• **Task requirements**
Considering the entries that follow, report how many lines include the string "CityJSON", giving the number alone.

═══ Data to use

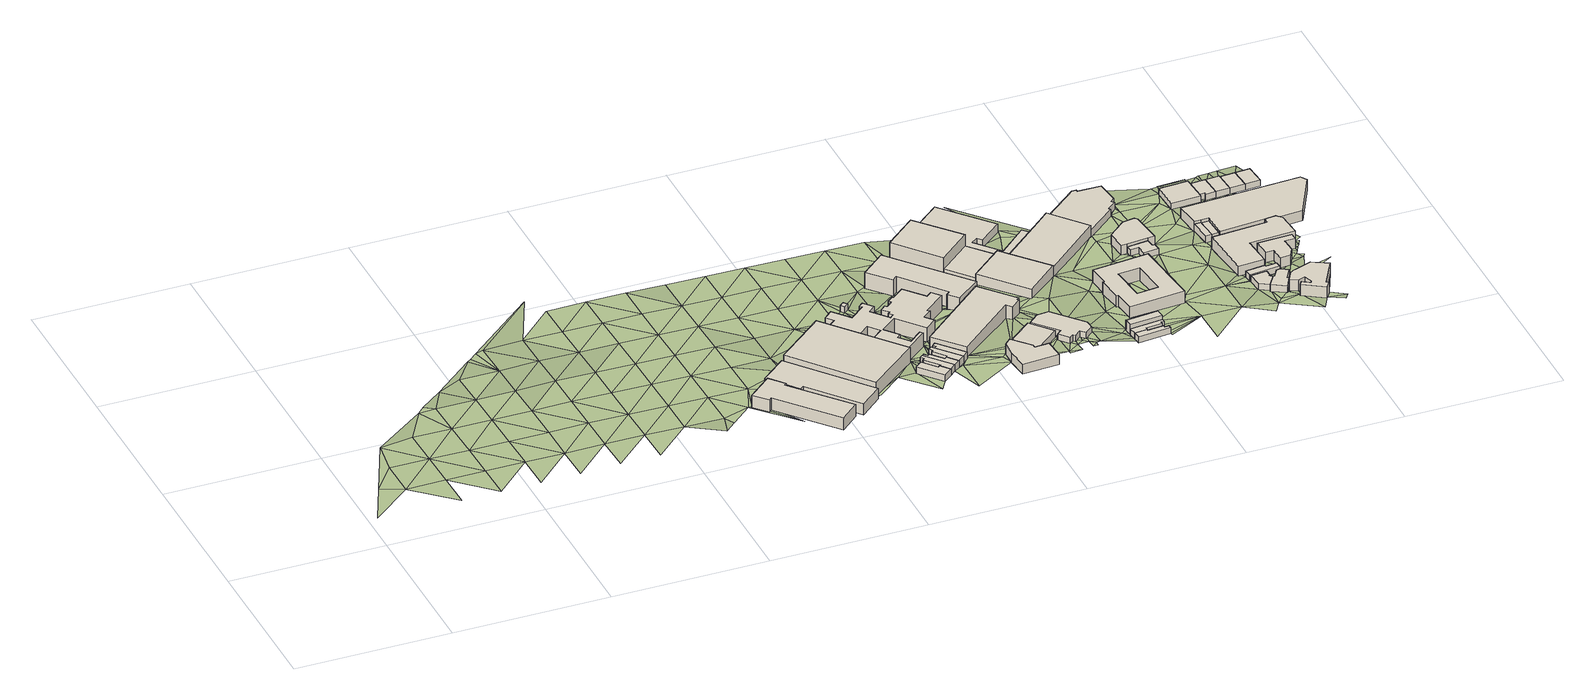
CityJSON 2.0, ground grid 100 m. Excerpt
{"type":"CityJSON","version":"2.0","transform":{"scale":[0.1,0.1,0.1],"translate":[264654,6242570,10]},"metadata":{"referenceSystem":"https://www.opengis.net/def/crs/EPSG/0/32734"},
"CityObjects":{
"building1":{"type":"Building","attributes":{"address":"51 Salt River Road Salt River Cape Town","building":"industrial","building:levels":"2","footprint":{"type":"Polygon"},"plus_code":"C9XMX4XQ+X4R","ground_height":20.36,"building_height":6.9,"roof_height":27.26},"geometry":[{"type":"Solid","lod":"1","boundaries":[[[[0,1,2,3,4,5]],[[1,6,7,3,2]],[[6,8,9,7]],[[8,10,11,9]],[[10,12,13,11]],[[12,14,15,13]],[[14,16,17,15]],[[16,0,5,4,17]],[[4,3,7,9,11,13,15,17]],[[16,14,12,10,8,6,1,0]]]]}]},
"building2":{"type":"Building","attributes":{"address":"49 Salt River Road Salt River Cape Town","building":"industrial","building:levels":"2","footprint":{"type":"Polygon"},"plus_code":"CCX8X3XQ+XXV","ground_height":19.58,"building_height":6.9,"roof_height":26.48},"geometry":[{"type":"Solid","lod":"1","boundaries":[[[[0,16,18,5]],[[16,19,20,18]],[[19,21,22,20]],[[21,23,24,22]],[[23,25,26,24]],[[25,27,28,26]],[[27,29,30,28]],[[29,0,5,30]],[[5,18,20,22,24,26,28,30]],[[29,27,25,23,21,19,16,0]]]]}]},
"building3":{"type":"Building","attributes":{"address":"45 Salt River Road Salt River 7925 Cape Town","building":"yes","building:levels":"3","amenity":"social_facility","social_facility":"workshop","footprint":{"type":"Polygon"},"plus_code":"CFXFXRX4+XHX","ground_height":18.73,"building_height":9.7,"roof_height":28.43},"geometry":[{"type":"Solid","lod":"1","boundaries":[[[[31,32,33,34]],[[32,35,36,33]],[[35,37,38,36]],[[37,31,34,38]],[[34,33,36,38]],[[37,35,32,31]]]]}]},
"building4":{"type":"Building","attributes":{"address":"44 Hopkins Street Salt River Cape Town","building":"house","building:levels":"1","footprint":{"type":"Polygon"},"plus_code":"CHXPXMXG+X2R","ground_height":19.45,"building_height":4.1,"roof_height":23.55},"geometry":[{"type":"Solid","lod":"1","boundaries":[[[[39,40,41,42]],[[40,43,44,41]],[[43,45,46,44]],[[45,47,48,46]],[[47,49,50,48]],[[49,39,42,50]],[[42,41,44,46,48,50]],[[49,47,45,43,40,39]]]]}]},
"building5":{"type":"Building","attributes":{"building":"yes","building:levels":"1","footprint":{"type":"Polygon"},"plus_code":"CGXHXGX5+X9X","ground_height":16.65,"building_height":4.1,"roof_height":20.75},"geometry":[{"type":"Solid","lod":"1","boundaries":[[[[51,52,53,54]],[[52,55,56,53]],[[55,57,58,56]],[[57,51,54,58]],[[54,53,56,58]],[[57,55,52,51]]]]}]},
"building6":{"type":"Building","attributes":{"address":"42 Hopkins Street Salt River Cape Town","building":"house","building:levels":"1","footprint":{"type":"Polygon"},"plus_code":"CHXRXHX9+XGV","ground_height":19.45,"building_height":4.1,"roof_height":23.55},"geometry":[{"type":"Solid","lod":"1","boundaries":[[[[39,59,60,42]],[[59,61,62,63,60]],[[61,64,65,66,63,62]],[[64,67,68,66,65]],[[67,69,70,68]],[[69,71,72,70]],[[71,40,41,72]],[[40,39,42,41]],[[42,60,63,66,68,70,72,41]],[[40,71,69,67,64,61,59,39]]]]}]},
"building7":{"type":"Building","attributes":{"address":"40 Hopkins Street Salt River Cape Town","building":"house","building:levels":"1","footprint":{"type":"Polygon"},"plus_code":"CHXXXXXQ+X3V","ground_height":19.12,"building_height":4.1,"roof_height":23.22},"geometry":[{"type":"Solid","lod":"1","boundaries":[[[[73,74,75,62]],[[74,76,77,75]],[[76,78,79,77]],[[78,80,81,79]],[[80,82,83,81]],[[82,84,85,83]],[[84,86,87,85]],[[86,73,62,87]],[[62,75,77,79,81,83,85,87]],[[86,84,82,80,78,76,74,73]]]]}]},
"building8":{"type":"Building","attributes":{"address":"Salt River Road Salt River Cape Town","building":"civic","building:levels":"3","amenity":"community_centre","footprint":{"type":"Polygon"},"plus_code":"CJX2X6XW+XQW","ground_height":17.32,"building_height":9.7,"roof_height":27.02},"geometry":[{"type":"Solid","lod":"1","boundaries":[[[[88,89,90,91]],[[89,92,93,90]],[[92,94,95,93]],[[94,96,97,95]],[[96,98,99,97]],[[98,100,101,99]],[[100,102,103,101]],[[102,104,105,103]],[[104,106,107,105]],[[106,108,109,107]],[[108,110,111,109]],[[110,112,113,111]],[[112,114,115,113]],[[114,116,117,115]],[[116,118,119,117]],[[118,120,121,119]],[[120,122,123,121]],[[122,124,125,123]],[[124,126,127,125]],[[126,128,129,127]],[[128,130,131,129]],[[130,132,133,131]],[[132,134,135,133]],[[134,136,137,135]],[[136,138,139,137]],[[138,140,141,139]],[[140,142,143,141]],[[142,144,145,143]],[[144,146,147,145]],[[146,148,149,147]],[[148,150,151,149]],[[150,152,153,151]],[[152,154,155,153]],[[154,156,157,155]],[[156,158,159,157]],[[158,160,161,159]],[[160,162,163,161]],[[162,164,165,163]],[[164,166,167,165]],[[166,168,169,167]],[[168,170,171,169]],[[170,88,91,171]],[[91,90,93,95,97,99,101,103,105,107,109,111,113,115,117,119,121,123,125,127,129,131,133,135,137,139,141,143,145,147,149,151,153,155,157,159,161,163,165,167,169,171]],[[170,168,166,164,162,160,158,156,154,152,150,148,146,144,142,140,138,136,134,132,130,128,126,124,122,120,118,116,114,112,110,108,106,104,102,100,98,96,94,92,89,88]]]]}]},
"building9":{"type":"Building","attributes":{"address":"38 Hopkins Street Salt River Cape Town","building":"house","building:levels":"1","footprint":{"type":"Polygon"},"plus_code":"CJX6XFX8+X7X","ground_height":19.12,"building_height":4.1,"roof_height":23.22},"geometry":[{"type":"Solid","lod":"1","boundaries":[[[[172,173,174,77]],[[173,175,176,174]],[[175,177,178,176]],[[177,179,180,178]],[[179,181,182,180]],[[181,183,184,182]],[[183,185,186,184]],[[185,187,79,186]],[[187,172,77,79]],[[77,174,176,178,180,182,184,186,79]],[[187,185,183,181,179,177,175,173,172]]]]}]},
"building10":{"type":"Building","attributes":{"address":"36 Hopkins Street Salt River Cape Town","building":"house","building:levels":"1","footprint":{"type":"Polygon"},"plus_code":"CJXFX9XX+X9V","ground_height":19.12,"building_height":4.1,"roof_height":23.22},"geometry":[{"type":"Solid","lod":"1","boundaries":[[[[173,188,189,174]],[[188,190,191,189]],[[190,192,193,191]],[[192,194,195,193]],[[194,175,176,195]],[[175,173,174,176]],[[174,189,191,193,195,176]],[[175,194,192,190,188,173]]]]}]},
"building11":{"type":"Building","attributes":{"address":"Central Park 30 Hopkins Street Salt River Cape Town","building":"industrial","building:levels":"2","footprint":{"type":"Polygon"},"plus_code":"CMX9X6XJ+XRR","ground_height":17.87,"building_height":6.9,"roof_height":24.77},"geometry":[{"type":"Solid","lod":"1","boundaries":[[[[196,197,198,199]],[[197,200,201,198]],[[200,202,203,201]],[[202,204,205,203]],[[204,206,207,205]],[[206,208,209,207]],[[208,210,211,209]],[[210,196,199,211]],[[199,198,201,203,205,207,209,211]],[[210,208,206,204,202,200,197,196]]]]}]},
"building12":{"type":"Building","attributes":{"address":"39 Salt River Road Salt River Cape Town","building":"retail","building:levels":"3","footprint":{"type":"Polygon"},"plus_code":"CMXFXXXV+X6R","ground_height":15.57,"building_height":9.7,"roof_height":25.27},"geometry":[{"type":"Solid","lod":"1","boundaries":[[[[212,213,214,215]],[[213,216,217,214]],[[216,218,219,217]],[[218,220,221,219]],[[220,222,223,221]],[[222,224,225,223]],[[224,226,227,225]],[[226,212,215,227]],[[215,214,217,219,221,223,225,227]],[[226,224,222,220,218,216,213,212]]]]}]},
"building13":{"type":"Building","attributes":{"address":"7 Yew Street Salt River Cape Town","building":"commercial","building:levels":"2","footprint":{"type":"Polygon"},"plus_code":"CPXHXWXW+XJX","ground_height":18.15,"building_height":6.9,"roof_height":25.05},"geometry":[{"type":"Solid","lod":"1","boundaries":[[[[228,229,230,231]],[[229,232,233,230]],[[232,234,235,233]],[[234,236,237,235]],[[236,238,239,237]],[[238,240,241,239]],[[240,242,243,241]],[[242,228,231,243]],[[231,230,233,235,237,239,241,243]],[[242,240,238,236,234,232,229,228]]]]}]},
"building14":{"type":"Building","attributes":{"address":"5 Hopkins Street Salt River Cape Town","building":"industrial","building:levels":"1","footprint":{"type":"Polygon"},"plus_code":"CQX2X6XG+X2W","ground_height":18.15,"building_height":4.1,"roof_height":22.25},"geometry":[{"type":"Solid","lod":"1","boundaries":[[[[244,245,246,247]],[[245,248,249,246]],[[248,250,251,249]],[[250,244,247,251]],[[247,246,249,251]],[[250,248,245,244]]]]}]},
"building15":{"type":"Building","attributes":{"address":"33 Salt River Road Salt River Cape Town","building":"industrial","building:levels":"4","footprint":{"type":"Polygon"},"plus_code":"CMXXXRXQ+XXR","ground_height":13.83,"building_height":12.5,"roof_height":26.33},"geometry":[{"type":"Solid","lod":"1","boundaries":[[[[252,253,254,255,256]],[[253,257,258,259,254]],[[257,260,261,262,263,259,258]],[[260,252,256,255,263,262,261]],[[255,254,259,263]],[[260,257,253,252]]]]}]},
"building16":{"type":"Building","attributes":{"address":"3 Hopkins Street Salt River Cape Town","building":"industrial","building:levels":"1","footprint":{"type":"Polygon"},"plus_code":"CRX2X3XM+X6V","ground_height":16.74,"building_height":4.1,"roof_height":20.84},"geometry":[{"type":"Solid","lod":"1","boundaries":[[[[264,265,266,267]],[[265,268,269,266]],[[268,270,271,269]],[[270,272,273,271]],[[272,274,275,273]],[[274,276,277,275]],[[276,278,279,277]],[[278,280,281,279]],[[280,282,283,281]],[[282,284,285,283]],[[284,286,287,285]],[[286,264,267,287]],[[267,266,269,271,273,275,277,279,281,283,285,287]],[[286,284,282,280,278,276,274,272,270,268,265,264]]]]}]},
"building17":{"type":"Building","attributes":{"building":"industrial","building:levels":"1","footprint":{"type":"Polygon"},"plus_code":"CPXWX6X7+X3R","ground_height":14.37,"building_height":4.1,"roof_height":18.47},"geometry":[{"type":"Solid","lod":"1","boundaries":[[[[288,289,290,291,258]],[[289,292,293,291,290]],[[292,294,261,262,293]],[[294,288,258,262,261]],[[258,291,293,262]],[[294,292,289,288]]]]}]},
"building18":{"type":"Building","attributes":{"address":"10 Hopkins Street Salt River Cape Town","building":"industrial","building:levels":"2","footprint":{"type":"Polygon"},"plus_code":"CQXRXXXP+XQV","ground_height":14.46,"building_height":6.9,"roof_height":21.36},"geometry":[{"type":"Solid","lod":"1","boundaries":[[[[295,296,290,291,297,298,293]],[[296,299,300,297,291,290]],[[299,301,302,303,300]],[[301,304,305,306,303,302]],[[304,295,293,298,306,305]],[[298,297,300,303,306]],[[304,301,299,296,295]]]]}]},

══════

• **Answer box**
2